- **Stored data**
•••••
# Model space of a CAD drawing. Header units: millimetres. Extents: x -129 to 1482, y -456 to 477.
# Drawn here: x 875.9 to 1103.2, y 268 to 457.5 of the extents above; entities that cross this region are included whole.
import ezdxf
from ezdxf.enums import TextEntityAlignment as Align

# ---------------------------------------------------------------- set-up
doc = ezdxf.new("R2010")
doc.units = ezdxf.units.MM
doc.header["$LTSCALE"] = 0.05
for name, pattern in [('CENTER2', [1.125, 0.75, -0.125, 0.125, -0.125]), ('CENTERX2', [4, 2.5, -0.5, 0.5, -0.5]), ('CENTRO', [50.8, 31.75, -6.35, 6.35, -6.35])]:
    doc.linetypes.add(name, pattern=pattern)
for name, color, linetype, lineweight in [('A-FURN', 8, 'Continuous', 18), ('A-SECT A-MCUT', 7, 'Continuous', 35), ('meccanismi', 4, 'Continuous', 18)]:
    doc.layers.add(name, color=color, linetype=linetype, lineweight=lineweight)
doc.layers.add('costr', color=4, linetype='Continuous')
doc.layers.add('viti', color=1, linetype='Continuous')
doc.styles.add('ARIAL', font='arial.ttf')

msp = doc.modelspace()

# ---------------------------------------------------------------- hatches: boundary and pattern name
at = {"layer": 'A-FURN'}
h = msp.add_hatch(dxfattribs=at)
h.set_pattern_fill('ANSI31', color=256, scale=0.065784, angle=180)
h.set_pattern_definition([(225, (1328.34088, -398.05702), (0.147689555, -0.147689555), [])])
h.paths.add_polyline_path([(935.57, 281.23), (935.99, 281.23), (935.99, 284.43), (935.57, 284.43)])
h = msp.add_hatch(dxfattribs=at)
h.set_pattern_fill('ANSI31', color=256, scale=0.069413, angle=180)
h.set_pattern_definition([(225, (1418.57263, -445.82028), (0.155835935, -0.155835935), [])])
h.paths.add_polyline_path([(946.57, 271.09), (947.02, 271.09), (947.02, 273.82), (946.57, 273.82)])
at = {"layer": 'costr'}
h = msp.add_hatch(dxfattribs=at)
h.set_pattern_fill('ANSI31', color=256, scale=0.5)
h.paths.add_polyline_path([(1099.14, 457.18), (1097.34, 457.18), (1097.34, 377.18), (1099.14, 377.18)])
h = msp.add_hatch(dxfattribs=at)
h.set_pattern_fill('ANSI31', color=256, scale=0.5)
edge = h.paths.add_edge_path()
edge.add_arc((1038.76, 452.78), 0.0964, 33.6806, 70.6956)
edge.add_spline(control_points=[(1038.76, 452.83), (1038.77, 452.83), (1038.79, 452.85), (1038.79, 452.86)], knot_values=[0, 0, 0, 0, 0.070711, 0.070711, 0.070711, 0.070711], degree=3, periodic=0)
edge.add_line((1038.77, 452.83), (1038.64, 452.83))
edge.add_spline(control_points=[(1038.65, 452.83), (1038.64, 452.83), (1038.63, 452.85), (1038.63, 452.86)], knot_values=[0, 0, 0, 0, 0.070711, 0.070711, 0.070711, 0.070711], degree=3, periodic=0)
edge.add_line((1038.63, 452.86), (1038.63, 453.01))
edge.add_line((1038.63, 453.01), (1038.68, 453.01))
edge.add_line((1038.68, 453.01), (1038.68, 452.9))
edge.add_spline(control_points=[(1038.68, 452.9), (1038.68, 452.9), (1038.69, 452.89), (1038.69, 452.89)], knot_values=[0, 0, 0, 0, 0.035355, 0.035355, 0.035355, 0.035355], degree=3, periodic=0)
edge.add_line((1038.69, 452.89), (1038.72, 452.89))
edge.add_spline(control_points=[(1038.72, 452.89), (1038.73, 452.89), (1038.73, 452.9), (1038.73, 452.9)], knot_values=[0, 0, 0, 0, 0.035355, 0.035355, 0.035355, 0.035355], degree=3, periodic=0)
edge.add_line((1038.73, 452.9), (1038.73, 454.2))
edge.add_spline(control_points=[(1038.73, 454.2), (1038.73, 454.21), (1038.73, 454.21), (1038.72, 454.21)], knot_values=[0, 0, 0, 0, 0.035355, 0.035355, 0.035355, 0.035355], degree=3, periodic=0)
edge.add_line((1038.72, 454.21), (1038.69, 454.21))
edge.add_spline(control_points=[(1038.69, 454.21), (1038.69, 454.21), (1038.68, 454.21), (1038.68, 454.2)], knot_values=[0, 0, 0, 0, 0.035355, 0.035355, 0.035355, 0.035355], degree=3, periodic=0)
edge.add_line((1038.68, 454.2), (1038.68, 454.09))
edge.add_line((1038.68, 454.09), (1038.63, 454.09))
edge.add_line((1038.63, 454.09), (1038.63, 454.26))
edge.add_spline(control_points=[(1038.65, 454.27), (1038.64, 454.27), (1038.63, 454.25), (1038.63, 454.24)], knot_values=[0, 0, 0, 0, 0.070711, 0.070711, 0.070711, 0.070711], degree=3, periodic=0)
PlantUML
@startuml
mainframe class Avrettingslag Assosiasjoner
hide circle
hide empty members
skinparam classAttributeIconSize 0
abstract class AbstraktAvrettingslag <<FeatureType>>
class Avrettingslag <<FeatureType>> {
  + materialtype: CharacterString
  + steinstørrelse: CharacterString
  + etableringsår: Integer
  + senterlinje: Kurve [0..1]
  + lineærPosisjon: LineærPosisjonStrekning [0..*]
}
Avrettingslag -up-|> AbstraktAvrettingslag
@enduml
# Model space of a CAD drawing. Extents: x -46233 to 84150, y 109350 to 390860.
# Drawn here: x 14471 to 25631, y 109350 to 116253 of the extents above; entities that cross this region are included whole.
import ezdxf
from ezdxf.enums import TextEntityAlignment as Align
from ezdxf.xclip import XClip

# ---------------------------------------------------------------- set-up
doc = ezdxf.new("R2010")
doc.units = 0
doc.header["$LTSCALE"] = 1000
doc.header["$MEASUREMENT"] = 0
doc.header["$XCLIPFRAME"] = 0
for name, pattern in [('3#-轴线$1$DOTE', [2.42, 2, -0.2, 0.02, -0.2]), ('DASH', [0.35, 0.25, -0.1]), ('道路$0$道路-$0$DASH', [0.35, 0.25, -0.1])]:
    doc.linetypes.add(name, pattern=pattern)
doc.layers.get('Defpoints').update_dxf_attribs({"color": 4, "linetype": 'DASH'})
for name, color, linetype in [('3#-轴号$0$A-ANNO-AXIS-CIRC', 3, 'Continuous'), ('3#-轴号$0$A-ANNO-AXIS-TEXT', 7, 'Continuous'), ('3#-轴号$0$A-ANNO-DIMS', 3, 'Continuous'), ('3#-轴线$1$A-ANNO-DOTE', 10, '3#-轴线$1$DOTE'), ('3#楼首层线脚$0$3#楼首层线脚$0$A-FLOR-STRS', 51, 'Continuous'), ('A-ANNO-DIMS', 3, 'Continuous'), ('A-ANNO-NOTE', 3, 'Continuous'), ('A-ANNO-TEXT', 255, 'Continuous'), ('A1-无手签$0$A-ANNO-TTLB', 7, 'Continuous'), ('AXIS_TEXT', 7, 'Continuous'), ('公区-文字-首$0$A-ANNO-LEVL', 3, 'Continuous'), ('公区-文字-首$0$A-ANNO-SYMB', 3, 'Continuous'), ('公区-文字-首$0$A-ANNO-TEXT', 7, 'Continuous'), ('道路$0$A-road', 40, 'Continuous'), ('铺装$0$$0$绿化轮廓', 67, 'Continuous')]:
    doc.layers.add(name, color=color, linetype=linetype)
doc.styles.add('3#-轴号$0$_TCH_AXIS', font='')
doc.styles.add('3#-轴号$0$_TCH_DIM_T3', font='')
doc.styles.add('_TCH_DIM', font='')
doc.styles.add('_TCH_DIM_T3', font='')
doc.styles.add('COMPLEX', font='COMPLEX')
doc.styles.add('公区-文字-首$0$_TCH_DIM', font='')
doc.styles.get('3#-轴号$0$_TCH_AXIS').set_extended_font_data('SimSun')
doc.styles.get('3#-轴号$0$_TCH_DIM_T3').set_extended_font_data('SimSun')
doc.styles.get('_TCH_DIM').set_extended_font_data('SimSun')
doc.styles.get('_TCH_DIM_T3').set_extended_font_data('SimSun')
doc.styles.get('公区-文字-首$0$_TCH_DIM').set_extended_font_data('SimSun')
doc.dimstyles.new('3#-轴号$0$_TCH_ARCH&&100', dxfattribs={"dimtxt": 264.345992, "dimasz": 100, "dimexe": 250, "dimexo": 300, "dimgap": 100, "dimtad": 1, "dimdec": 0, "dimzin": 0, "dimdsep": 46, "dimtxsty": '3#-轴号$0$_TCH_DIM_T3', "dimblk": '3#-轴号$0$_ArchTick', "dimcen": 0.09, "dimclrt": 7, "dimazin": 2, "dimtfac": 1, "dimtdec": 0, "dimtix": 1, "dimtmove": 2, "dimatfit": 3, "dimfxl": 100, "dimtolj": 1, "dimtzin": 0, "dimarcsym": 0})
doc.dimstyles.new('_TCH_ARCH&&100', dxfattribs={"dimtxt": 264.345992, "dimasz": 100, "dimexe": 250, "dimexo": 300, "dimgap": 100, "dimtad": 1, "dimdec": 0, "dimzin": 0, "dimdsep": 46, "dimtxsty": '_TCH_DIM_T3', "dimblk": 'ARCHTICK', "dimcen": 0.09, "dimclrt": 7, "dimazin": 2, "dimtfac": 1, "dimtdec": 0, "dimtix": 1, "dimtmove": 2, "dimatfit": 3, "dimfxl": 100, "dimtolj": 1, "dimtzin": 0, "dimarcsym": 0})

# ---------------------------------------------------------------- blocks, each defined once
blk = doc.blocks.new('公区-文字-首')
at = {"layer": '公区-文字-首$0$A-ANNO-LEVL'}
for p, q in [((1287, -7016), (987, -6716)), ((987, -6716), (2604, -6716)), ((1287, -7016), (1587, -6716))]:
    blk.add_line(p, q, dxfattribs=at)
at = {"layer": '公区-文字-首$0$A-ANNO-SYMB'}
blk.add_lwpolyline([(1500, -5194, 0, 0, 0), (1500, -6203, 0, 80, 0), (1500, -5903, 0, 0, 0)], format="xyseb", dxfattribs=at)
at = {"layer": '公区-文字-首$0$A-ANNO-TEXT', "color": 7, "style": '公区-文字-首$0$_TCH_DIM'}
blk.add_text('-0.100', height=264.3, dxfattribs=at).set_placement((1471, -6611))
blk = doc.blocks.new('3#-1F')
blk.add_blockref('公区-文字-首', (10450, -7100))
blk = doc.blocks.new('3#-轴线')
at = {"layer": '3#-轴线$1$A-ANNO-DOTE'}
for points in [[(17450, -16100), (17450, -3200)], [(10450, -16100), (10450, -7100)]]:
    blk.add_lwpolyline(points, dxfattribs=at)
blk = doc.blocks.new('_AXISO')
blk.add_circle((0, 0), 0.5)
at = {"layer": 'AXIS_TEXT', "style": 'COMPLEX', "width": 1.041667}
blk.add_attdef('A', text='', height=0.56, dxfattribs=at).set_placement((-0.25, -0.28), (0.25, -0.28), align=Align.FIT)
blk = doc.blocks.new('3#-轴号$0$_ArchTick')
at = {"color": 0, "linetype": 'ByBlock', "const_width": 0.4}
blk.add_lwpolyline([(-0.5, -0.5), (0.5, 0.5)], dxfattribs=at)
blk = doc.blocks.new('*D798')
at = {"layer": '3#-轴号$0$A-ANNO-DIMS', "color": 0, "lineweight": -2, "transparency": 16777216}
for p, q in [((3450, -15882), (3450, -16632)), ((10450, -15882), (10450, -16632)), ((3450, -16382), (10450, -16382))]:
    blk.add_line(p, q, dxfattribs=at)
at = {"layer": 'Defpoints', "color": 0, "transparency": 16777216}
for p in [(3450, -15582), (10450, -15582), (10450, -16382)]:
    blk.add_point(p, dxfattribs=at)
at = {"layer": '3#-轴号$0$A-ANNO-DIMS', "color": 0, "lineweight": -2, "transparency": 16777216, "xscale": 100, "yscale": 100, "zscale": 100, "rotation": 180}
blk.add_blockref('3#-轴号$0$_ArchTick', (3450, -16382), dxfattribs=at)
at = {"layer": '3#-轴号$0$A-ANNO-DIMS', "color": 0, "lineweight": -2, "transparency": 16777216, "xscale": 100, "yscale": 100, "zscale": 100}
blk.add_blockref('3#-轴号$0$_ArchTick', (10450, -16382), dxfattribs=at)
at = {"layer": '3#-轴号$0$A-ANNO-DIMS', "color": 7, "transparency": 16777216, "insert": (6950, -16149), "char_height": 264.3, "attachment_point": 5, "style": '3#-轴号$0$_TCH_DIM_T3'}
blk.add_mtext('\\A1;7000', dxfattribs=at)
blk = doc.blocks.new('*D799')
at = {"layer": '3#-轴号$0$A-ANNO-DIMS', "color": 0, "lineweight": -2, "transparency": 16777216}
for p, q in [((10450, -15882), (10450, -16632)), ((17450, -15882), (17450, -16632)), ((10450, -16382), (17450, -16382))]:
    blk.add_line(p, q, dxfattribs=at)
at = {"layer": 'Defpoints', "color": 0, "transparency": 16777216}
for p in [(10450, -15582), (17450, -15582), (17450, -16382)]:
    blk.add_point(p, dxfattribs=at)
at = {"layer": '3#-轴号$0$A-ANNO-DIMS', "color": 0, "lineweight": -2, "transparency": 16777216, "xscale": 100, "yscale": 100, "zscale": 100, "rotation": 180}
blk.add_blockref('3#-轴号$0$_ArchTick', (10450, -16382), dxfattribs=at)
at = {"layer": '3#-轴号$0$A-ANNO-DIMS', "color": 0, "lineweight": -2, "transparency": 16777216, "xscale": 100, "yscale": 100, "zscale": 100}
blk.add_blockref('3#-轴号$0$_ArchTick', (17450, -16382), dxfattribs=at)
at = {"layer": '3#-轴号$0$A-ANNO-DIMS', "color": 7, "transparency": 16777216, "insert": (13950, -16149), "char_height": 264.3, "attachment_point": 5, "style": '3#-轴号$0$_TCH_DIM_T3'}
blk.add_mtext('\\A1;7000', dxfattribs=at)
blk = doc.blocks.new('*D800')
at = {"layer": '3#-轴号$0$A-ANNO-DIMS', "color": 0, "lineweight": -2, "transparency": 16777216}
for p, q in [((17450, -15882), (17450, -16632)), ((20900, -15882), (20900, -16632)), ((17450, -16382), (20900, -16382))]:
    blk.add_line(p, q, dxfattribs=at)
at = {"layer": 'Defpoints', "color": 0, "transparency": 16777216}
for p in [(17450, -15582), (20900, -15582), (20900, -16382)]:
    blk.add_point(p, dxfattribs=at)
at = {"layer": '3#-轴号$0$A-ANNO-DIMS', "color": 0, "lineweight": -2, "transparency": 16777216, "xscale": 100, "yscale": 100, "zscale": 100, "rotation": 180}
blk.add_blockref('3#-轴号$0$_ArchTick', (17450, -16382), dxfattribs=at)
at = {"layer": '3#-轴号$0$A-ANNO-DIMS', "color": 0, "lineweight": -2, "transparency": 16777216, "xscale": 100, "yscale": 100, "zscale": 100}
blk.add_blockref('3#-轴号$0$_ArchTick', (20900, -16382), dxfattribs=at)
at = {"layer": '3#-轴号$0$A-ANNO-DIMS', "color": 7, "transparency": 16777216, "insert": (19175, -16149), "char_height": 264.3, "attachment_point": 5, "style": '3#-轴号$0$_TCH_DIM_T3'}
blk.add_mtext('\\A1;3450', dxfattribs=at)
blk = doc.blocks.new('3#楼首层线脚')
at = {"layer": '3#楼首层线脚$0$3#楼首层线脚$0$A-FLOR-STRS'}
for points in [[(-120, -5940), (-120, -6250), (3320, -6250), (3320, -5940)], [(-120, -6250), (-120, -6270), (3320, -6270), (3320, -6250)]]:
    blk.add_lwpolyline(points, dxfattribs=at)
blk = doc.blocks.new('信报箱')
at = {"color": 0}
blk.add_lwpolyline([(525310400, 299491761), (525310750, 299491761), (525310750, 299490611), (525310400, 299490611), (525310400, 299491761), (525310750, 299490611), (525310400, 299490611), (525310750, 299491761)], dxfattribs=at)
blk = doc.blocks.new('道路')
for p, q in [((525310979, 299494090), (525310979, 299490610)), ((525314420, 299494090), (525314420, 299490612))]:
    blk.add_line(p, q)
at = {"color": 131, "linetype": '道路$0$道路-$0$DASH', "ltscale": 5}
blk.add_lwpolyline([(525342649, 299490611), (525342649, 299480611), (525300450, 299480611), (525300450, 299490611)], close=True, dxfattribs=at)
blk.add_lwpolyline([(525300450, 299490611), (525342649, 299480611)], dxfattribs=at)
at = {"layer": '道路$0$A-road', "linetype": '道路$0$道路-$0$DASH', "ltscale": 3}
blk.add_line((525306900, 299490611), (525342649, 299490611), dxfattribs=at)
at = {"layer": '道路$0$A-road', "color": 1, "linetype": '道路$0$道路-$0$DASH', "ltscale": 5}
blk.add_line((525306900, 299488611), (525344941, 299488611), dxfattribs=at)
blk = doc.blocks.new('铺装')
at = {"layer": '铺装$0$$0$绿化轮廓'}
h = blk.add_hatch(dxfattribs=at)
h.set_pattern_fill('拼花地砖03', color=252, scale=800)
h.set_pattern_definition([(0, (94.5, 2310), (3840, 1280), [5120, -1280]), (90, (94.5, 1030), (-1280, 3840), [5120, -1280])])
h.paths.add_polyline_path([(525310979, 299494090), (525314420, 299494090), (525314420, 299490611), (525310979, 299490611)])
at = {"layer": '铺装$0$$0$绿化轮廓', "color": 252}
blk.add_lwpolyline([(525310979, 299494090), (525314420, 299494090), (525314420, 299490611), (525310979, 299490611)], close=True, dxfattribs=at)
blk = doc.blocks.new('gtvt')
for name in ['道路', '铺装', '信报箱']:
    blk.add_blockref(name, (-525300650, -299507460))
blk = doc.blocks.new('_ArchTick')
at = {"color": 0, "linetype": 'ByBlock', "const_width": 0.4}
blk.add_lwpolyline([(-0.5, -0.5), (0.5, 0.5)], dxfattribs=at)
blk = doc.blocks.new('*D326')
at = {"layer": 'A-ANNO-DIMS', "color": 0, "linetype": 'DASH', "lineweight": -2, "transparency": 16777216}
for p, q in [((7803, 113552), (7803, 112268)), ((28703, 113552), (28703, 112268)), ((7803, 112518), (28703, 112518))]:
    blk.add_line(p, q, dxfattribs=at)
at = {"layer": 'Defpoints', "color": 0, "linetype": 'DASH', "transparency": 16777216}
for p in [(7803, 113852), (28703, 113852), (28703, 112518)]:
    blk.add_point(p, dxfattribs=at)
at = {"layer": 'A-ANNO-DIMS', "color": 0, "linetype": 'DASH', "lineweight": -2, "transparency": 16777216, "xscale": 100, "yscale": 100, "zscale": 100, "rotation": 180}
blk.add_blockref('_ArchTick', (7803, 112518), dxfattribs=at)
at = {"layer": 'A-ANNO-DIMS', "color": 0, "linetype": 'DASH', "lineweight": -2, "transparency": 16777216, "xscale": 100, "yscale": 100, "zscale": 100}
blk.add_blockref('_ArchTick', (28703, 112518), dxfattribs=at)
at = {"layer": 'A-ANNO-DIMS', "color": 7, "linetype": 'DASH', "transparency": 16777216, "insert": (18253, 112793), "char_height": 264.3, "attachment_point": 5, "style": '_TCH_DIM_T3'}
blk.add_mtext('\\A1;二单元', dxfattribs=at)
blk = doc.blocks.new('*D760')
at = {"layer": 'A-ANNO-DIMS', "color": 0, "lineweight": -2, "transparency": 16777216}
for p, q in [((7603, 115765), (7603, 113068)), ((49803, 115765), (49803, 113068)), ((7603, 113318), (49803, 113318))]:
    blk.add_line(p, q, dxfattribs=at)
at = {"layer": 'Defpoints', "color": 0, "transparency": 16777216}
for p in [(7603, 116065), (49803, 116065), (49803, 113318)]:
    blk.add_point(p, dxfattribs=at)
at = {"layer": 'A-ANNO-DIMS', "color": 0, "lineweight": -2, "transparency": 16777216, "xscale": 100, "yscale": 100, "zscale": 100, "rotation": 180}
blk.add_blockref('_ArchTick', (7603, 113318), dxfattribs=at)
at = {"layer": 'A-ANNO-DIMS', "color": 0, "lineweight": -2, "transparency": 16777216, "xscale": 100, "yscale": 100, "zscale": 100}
•••••
- **Work instructions**
If the word "dimtmove" is on a line above, return that line.

- **Reply to the task**
doc.dimstyles.new('3#-轴号$0$_TCH_ARCH&&100', dxfattribs={"dimtxt": 264.345992, "dimasz": 100, "dimexe": 250, "dimexo": 300, "dimgap": 100, "dimtad": 1, "dimdec": 0, "dimzin": 0, "dimdsep": 46, "dimtxsty": '3#-轴号$0$_TCH_DIM_T3', "dimblk": '3#-轴号$0$_ArchTick', "dimcen": 0.09, "dimclrt": 7, "dimazin": 2, "dimtfac": 1, "dimtdec": 0, "dimtix": 1, "dimtmove": 2, "dimatfit": 3, "dimfxl": 100, "dimtolj": 1, "dimtzin": 0, "dimarcsym": 0})
doc.dimstyles.new('_TCH_ARCH&&100', dxfattribs={"dimtxt": 264.345992, "dimasz": 100, "dimexe": 250, "dimexo": 300, "dimgap": 100, "dimtad": 1, "dimdec": 0, "dimzin": 0, "dimdsep": 46, "dimtxsty": '_TCH_DIM_T3', "dimblk": 'ARCHTICK', "dimcen": 0.09, "dimclrt": 7, "dimazin": 2, "dimtfac": 1, "dimtdec": 0, "dimtix": 1, "dimtmove": 2, "dimatfit": 3, "dimfxl": 100, "dimtolj": 1, "dimtzin": 0, "dimarcsym": 0})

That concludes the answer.